Damp down the floor of the greenhouse regularly on hot days, to increase humidity levels. This benefits plant growth and also reduces the risk of pest problems such as glasshouse red spider mite. Give plants a liquid feed to encourage flowering and fruiting.
Continue to harden off half-hardy bedding plants to acclimatise them to outdoor conditions.
WILDLIFE & PONDS
Clean and top up birdbaths regularly, especially in warm dry weather.
Remove duckweed from ponds, adding the weed to your compost bin.
IN THE VEGETABLE GARDEN
Harvest lettuce, radish, other salads and early potatoes.
Broad beans will be ready this month. Pick them while they are still small and tender. Crunchy young carrots can be pulled up, thinning your crop for larger carrots later in the year. Salad crops and peas will also be ready.
Sow Kale, Calabrese, purple sprouting broccoli, cabbage and cauliflower to use over winter and early next year.
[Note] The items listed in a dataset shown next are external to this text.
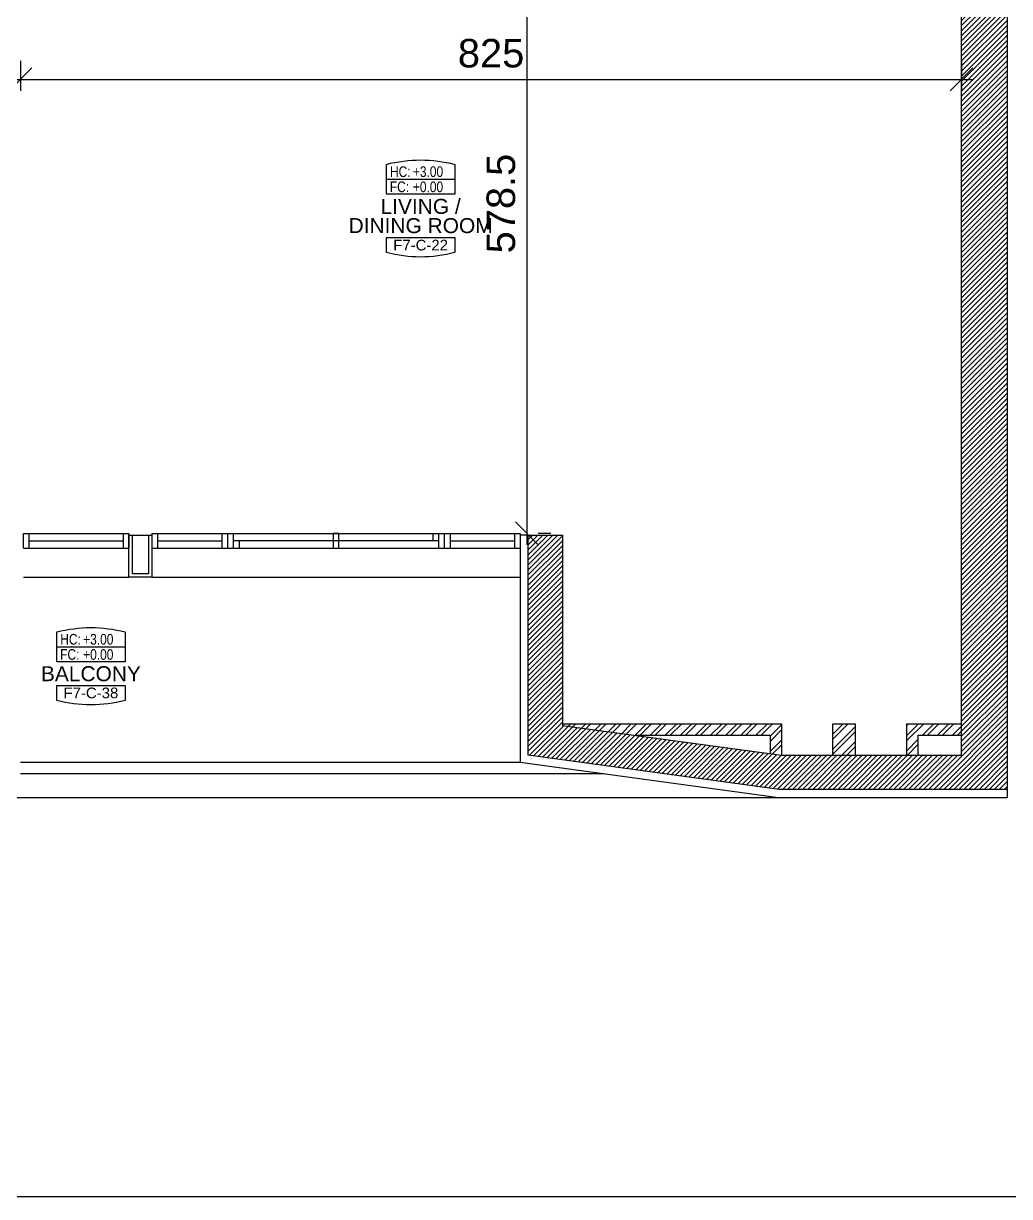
# Model space of a CAD drawing. Header units: metres. Extents: x 0 to 44.4, y -5.9 to 58.5.
# Drawn here: x 18.7 to 27.35, y 0 to 10.29 of the extents above; entities that cross this region are included whole.
import ezdxf
from ezdxf.enums import TextEntityAlignment as Align

# ---------------------------------------------------------------- set-up
doc = ezdxf.new("R2010")
doc.units = ezdxf.units.M
doc.header["$MEASUREMENT"] = 0
doc.header["$PDMODE"] = 3
doc.header["$PDSIZE"] = 0.3
doc.layers.get('0').update_dxf_attribs({"linetype": 'CONTINUOUS'})
doc.layers.get('DEFPOINTS').update_dxf_attribs({"linetype": 'CONTINUOUS'})
for name, color, linetype in [('A-ALU', 9, 'CONTINUOUS'), ('A-ANNO-IDTAG', 7, 'CONTINUOUS'), ('A-BALUST', 1, 'CONTINUOUS'), ('a-dim', 3, 'CONTINUOUS'), ('A-HATCH-CONC', 8, 'CONTINUOUS'), ('A-HATCH-WALL', 8, 'CONTINUOUS'), ('A-PROJECTION', 8, 'CONTINUOUS'), ('A-REVETEMENT', 1, 'CONTINUOUS'), ('a-stru-fac', 200, 'CONTINUOUS'), ('A-WALL', 4, 'CONTINUOUS'), ('Parcelle$0$N-PLOT', 5, 'CONTINUOUS'), ('S-2ND-3RD-4-5-6TH$0$N-PLOT', 5, 'CONTINUOUS'), ('S-7TH$0$A-STR 7-8TH', 2, 'CONTINUOUS'), ('S-7TH$0$N-PLOT', 5, 'CONTINUOUS')]:
    doc.layers.add(name, color=color, linetype=linetype)
doc.styles.add('A100-STEXT', font='ARIAL.TTF', dxfattribs={"height": 0.25})
doc.styles.add('BLOCK', font='ARIAL.TTF', dxfattribs={"width": 0.8, "height": 0.25})
doc.dimstyles.new('A100-DIM', dxfattribs={"dimtxt": 0.25, "dimasz": 0.2, "dimexe": 0.1, "dimexo": 0.3, "dimgap": 0.1, "dimtad": 1, "dimlfac": 100, "dimrnd": 0.5, "dimdsep": 46, "dimtxsty": 'A100-STEXT', "dimblk1": 'OBLIQUE', "dimblk2": 'OBLIQUE', "dimsah": 1, "dimcen": -0.05, "dimdle": 0.1, "dimclrd": 15, "dimclre": 15, "dimclrt": 256, "dimadec": 0, "dimazin": 0, "dimtfac": 0.28, "dimtix": 1, "dimtmove": 2, "dimatfit": 3, "dimldrblk": 'OBLIQUE', "dimfxl": 0, "dimtolj": 1, "dimarcsym": 0})

# ---------------------------------------------------------------- blocks, each defined once
blk = doc.blocks.new('IDTAG')
at = {"color": 7}
blk.add_line((-0.008, -0.0055), (0.008, -0.0055), dxfattribs=at)
for points in [[(-0.008, 0), (-0.008, 0.007, -0.128676), (0.008, 0.007), (0.008, 0)], [(0.008, -0.0055), (0.008, -0.009, -0.128676), (-0.008, -0.009), (-0.008, -0.0055)]]:
    blk.add_lwpolyline(points, format="xyb", dxfattribs=at)
blk.add_lwpolyline([(-0.008, 0.0035), (0.008, 0.0035), (0.008, 0), (-0.008, 0)], close=True, dxfattribs=at)
at = {"color": 7, "style": 'BLOCK', "width": 0.8}
for s, p in [('HC:', (-0.00716, 0.00404)), ('FC:', (-0.00719, 0.0005))]:
    blk.add_text(s, height=0.0025, dxfattribs=at).set_placement(p)
for p in [(-0.00181, 0.00405), (-0.00181, 0.00049)]:
    blk.add_attdef('+0.000', p, '', height=0.0025, dxfattribs=at)
at = {"color": 7, "style": 'BLOCK'}
for tag, height, p in [('NAME', 0.0035, (0, -0.00275)), ('ROOM', 0.0025, (0, -0.00725))]:
    blk.add_attdef(tag, text='', height=height, dxfattribs=at).set_placement(p, align=Align.MIDDLE)
blk = doc.blocks.new('IDTAG_2')
at = {"color": 7}
blk.add_line((-0.4, -0.141), (0.4, -0.141), dxfattribs=at)
for points in [[(-0.4, 0.366), (-0.4, 0.716, -0.128676), (0.4, 0.716), (0.4, 0.366)], [(0.4, -0.141), (0.4, -0.316, -0.128676), (-0.4, -0.316), (-0.4, -0.141)]]:
    blk.add_lwpolyline(points, format="xyb", dxfattribs=at)
blk.add_lwpolyline([(-0.4, 0.541), (0.4, 0.541), (0.4, 0.366), (-0.4, 0.366)], close=True, dxfattribs=at)
at = {"color": 7, "style": 'BLOCK', "width": 0.8}
for s, p in [('HC:', (-0.358, 0.568)), ('FC:', (-0.36, 0.391))]:
    blk.add_text(s, height=0.125, dxfattribs=at).set_placement(p)
for p in [(-0.09, 0.568), (-0.09, 0.39)]:
    blk.add_attdef('+0.000', p, '', height=0.125, dxfattribs=at)
at = {"color": 7, "style": 'BLOCK'}
for tag, height, p in [('NAME', 0.175, (0, 0.228)), ('NAME', 0.175, (0, 0)), ('ROOM', 0.125, (0, -0.228))]:
    blk.add_attdef(tag, text='', height=height, dxfattribs=at).set_placement(p, align=Align.MIDDLE)
blk = doc.blocks.new('A$C5D3262F0')
at = {"layer": 'A-ALU'}
for p, q in [((18.703, 5.815), (19.628, 5.815)), ((18.703, 5.685), (18.703, 5.815)), ((18.753, 5.685), (18.753, 5.815)), ((19.578, 5.815), (19.578, 5.685)), ((19.628, 5.815), (19.628, 5.685)), ((19.828, 5.815), (23.058, 5.815)), ((19.828, 5.815), (19.828, 5.685)), ((19.878, 5.815), (19.878, 5.685)), ((20.443, 5.815), (20.443, 5.685)), ((20.493, 5.815), (20.493, 5.685)), ((20.543, 5.815), (20.543, 5.685)), ((22.293, 5.815), (22.293, 5.75)), ((22.343, 5.815), (22.343, 5.685)), ((22.393, 5.815), (22.393, 5.685)), ((22.443, 5.815), (22.443, 5.685)), ((23.008, 5.815), (23.008, 5.685)), ((23.058, 5.815), (23.058, 5.685)), ((18.703, 5.685), (19.628, 5.685)), ((18.753, 5.75), (19.578, 5.75)), ((19.828, 5.685), (23.058, 5.685)), ((19.878, 5.75), (20.443, 5.75)), ((22.343, 5.75), (20.543, 5.75)), ((20.593, 5.75), (20.593, 5.685)), ((22.443, 5.75), (23.008, 5.75))]:
    blk.add_line(p, q, dxfattribs=at)
blk.add_lwpolyline([(21.468, 5.815), (21.418, 5.815), (21.418, 5.685), (21.468, 5.685)], close=True, dxfattribs=at)
blk = doc.blocks.new('_OBLIQUE')
at = {"color": 0, "linetype": 'ByBlock'}
blk.add_line((-0.5, -0.5), (0.5, 0.5), dxfattribs=at)
blk = doc.blocks.new('*D997')
at = {"layer": 'a-dim', "color": 15, "lineweight": -2}
for p, q in [((23.117, 11.7), (23.117, 5.715)), ((23.328, 11.6), (23.217, 11.6)), ((23.328, 5.815), (23.217, 5.815))]:
    blk.add_line(p, q, dxfattribs=at)
at = {"layer": 'DEFPOINTS', "color": 0}
for p in [(23.028, 11.6), (23.028, 5.815), (23.117, 5.815)]:
    blk.add_point(p, dxfattribs=at)
at = {"layer": 'a-dim', "color": 15, "lineweight": -2, "xscale": 0.2, "yscale": 0.2, "zscale": 0.2}
for p, rotation in [((23.117, 11.6), 90), ((23.117, 5.815), 270)]:
    blk.add_blockref('_OBLIQUE', p, dxfattribs=dict(at, rotation=rotation))
at = {"layer": 'a-dim', "insert": (22.89, 8.707), "char_height": 0.25, "attachment_point": 5, "rotation": 90, "style": 'A100-STEXT'}
blk.add_mtext('\\A1;578.5', dxfattribs=at)
blk = doc.blocks.new('*D998')
at = {"layer": 'a-dim', "color": 15, "lineweight": -2}
for p, q in [((18.678, 9.96), (18.678, 9.696)), ((26.928, 9.96), (26.928, 9.696)), ((18.578, 9.796), (27.028, 9.796))]:
    blk.add_line(p, q, dxfattribs=at)
at = {"layer": 'DEFPOINTS', "color": 0}
for p in [(18.678, 10.26), (26.928, 10.26), (26.928, 9.796)]:
    blk.add_point(p, dxfattribs=at)
at = {"layer": 'a-dim', "color": 15, "lineweight": -2, "xscale": 0.2, "yscale": 0.2, "zscale": 0.2, "rotation": 180}
blk.add_blockref('_OBLIQUE', (18.678, 9.796), dxfattribs=at)
at = {"layer": 'a-dim', "color": 15, "lineweight": -2, "xscale": 0.2, "yscale": 0.2, "zscale": 0.2}
blk.add_blockref('_OBLIQUE', (26.928, 9.796), dxfattribs=at)
at = {"layer": 'a-dim', "insert": (22.803, 10.024), "char_height": 0.25, "attachment_point": 5, "style": 'A100-STEXT'}
blk.add_mtext('\\A1;825', dxfattribs=at)

msp = doc.modelspace()

# ---------------------------------------------------------------- hatches: boundary and pattern name
at = {"layer": 'A-HATCH-CONC', "ltscale": 4}
h = msp.add_hatch(dxfattribs=at)
h.set_pattern_fill('ANSI31', color=256, scale=0.25, style=0)
h.paths.add_polyline_path([(23.42837, 4.13187), (23.42837, 5.8), (23.12837, 5.8), (23.12837, 3.87), (25.32837, 3.57), (27.32837, 3.57), (27.32837, 20.33), (26.92837, 20.33), (26.92837, 3.87), (25.34873, 3.87)])
at = {"layer": 'A-HATCH-WALL'}
h = msp.add_hatch(dxfattribs=at)
h.set_pattern_fill('ANSI32', color=256, scale=0.25, style=0)
h.paths.add_polyline_path([(25.34873, 4.14496), (23.42837, 4.14496), (23.42837, 4.13187), (24.06568, 4.04496), (25.24873, 4.04496), (25.24873, 3.88364), (25.34873, 3.87)])
h.paths.add_polyline_path([(25.99873, 4.14496), (25.79873, 4.14496), (25.79873, 3.87), (25.99873, 3.87)])
h.paths.add_polyline_path([(26.92837, 4.14496), (26.44873, 4.14496), (26.44873, 3.87), (26.54873, 3.87), (26.54873, 4.04496), (26.92837, 4.04496)])

# ---------------------------------------------------------------- linework, layer by layer
at = {"layer": 'A-ALU'}
for p, q in [((18.70337, 5.43), (19.62837, 5.43)), ((19.82837, 5.43), (23.05837, 5.43))]:
    msp.add_line(p, q, dxfattribs=at)
at = {"layer": 'A-BALUST'}
for p, q in [((18.67837, 3.8089), (23.05837, 3.8089)), ((18.67837, 3.7089), (23.7917, 3.7089))]:
    msp.add_line(p, q, dxfattribs=at)
at = {"layer": 'A-PROJECTION'}
msp.add_line((15.84837, 3.5), (25.32837, 3.5), dxfattribs=at)
at = {"layer": 'A-REVETEMENT'}
for p, q in [((23.05837, 5.8), (23.05837, 3.8089)), ((23.12837, 5.8), (23.05837, 5.8)), ((23.05837, 3.8089), (25.32362, 3.5)), ((25.32362, 3.5), (27.32837, 3.5)), ((27.32837, 3.57), (27.32837, 3.5))]:
    msp.add_line(p, q, dxfattribs=at)
msp.add_lwpolyline([(19.62837, 5.8), (19.82837, 5.8), (19.82837, 5.43), (19.62837, 5.43)], close=True, dxfattribs=at)
at = {"layer": 'a-stru-fac'}
msp.add_lwpolyline([(19.65837, 5.8), (19.79837, 5.8), (19.79837, 5.46), (19.65837, 5.46)], close=True, dxfattribs=at)
at = {"layer": 'A-WALL'}
for p, q in [((23.42837, 4.14496), (25.34873, 4.14496)), ((25.34873, 4.14496), (25.34873, 3.87)), ((25.79873, 4.14496), (25.99873, 4.14496)), ((25.79873, 3.87), (25.79873, 4.14496)), ((25.99873, 3.87), (25.99873, 4.14496)), ((26.44873, 4.14496), (26.92837, 4.14496)), ((26.44873, 3.87), (26.44873, 4.14496)), ((24.06568, 4.04496), (25.24873, 4.04496)), ((25.24873, 4.04496), (25.24873, 3.88364)), ((26.54873, 4.04496), (26.92837, 4.04496)), ((26.54873, 3.87), (26.54873, 4.04496))]:
    msp.add_line(p, q, dxfattribs=at)
at = {"layer": 'Parcelle$0$N-PLOT'}
msp.add_lwpolyline([(0, 0), (38.90837, 0, 0.41421356), (41.90837, 3), (41.90837, 55.45463, 0.4229554), (38.81912, 58.4533), (0, 57.29794)], format="xyb", close=True, dxfattribs=at)
at = {"layer": 'S-2ND-3RD-4-5-6TH$0$N-PLOT'}
msp.add_lwpolyline([(0, 0), (38.90837, 0, 0.41421356), (41.90837, 3), (41.90837, 55.45463, 0.4229554), (38.81912, 58.4533), (0, 57.29794)], format="xyb", close=True, dxfattribs=at)
at = {"layer": 'S-7TH$0$A-STR 7-8TH'}
msp.add_lwpolyline([(27.32837, 3.57), (25.32837, 3.57), (23.12837, 3.87), (23.12837, 5.8), (23.42837, 5.8), (23.42837, 4.13187), (25.34873, 3.87), (26.92837, 3.87), (26.92837, 20.33), (27.32837, 20.33)], close=True, dxfattribs=at)
at = {"layer": 'S-7TH$0$N-PLOT'}
msp.add_line((0, 0), (38.90837, 0), dxfattribs=at)

# ---------------------------------------------------------------- block references
at = {"layer": 'A-ALU', "ltscale": 4}
msp.add_blockref('A$C5D3262F0', (0, 0), dxfattribs=at)
at = {"layer": 'A-ANNO-IDTAG'}
ref = msp.add_blockref('IDTAG_2', (22.18535, 8.51396), dxfattribs=dict(at, xscale=0.75, yscale=0.75, zscale=0.75))
ref.add_attrib('NAME', 'DINING ROOM', dxfattribs={"layer": '0', "color": 7, "height": 0.13125, "style": 'BLOCK'}).set_placement((22.18535, 8.51396), align=Align.MIDDLE)
ref.add_attrib('NAME', 'LIVING /', dxfattribs={"layer": '0', "color": 7, "height": 0.13125, "style": 'BLOCK'}).set_placement((22.18535, 8.68529), align=Align.MIDDLE)
ref.add_attrib('ROOM', 'F7-C-22', dxfattribs={"layer": '0', "color": 7, "height": 0.09375, "style": 'BLOCK'}).set_placement((22.18535, 8.34276), align=Align.MIDDLE)
ref.add_attrib('+0.000', '+0.00', (22.11757, 8.8068), dxfattribs={"layer": '0', "color": 7, "height": 0.09375, "style": 'BLOCK', "width": 0.8})
ref.add_attrib('+0.000', '+3.00', (22.11757, 8.94012), dxfattribs={"layer": '0', "color": 7, "height": 0.09375, "style": 'BLOCK', "width": 0.8})
ref = msp.add_blockref('IDTAG', (19.29463, 4.68793), dxfattribs=dict(at, xscale=37.5, yscale=37.5, zscale=37.5))
ref.add_attrib('+0.000', '+3.00', (19.22685, 4.83963), dxfattribs={"layer": '0', "color": 7, "height": 0.09375, "style": 'BLOCK', "width": 0.8})
ref.add_attrib('+0.000', '+0.00', (19.22685, 4.70631), dxfattribs={"layer": '0', "color": 7, "height": 0.09375, "style": 'BLOCK', "width": 0.8})
ref.add_attrib('ROOM', 'F7-C-38', dxfattribs={"layer": '0', "color": 7, "height": 0.09375, "style": 'BLOCK'}).set_placement((19.29463, 4.41605), align=Align.MIDDLE)
ref.add_attrib('NAME', 'BALCONY', dxfattribs={"layer": '0', "color": 7, "height": 0.13125, "style": 'BLOCK'}).set_placement((19.29463, 4.5848), align=Align.MIDDLE)

# ---------------------------------------------------------------- dimensions: what is measured, and where the dimension line sits
at = {"layer": 'a-dim'}
for p1, p2, distance, picture, middle in [((23.02837, 11.6), (23.02837, 5.815), 0.08904, '*D997', (22.88976, 8.7075)), ((18.67837, 10.26), (26.92837, 10.26), -0.46359, '*D998', (22.80337, 10.02405))]:
    dim = msp.add_aligned_dim(p1=p1, p2=p2, distance=distance, dimstyle='A100-DIM', dxfattribs=at)
    dim.commit()
    dim.dimension.update_dxf_attribs({"geometry": picture, "text_midpoint": middle})

doc.saveas('drawing.dxf')

They can either be sown under cover or in an outside seedbed, before being transplanted to their final position later in the year.
Just like your vegetables, the weeds are in full growth now. Regular hoeing between rows will keep them down. Pick out weeds around your vegetable plants carefully so as not to disturb the roots of your veg. If your patch has been well dug then the weeds normally come up pretty easily.
This is a time when pests suddenly become more apparent. It is easy to spot blackfly on broad bean, french bean and runner bean plants. Squish them between your fingers or spray with horticultural soap. When you see ants running up and down your plants it is a telltale sign that there are aphids about. Pests like weeds too, so make sure you weed regularly and thoroughly.
Runner beans may need a bit of help to start climbing. Just twist them around the poles to get them started. Provide twigs and sticks for peas to hold onto. Tie in any other plants that need supporting, such as tomatoes.
Towards the end of the month, sow another batch of french beans, peas, runner beans and courgette to plant out later in the summer as space becomes available. This will maximise your growing season, and mean you will be harvesting into October!
Vegetables need plenty of water in order to grow. If the weather is dry, water frequently. The best time to do this is either early in the morning or later in the evening when there will be less evaporation. Keeping the soil moist for crops like courgette, cucumber, peas, and pumpkins can also limit the damage caused by powdery mildew.
All frosts should have passed by now, so plant out all tender crops that you have raised under cover, such as cucumbers, sweetcorn, french and runner beans.
Once we’ve reached the longest day, stop cutting your Asparagus and leave the spears to develop into tall ferny growth. Fertilise once you have stopped harvesting.
IN THE FRUIT GARDEN
Protect Strawberries from birds, as they will eat your strawberries before they are fully ripe! Protect your strawberries using netting or horticultural fleece.
Protect Cherries from birds and rain. Rain on the fruit can cause the skins to split, so protect using polythene covers suspended above the tree. To stop the birds eating your cherries, cover the branches with fleece “sleeves”.
Propagate your own Strawberries. Strawberry plants will start throwing off runners. Peg down the small plants at the end of the runners into some potting compost, and leave until the roots are established before cutting from the main plant.
Support Raspberry canes. As your raspberry canes grow, depending on the support system you are using, tie them to your wires, or ensure they are growing up through your wires.
Water all soft fruit regularly, all soft fruit requires plenty of water to ensure good cropping, especially if they are grown in containers.
Citrus trees can be moved outside for the summer months. Choose a warm sheltered spot that receives plenty of sunshine. Thin out the fruits to leave a few of the strongest.
Thin the fruit on pear trees, plum trees, peach and nectarine trees, apricot trees.
Thin apples towards the end of the month.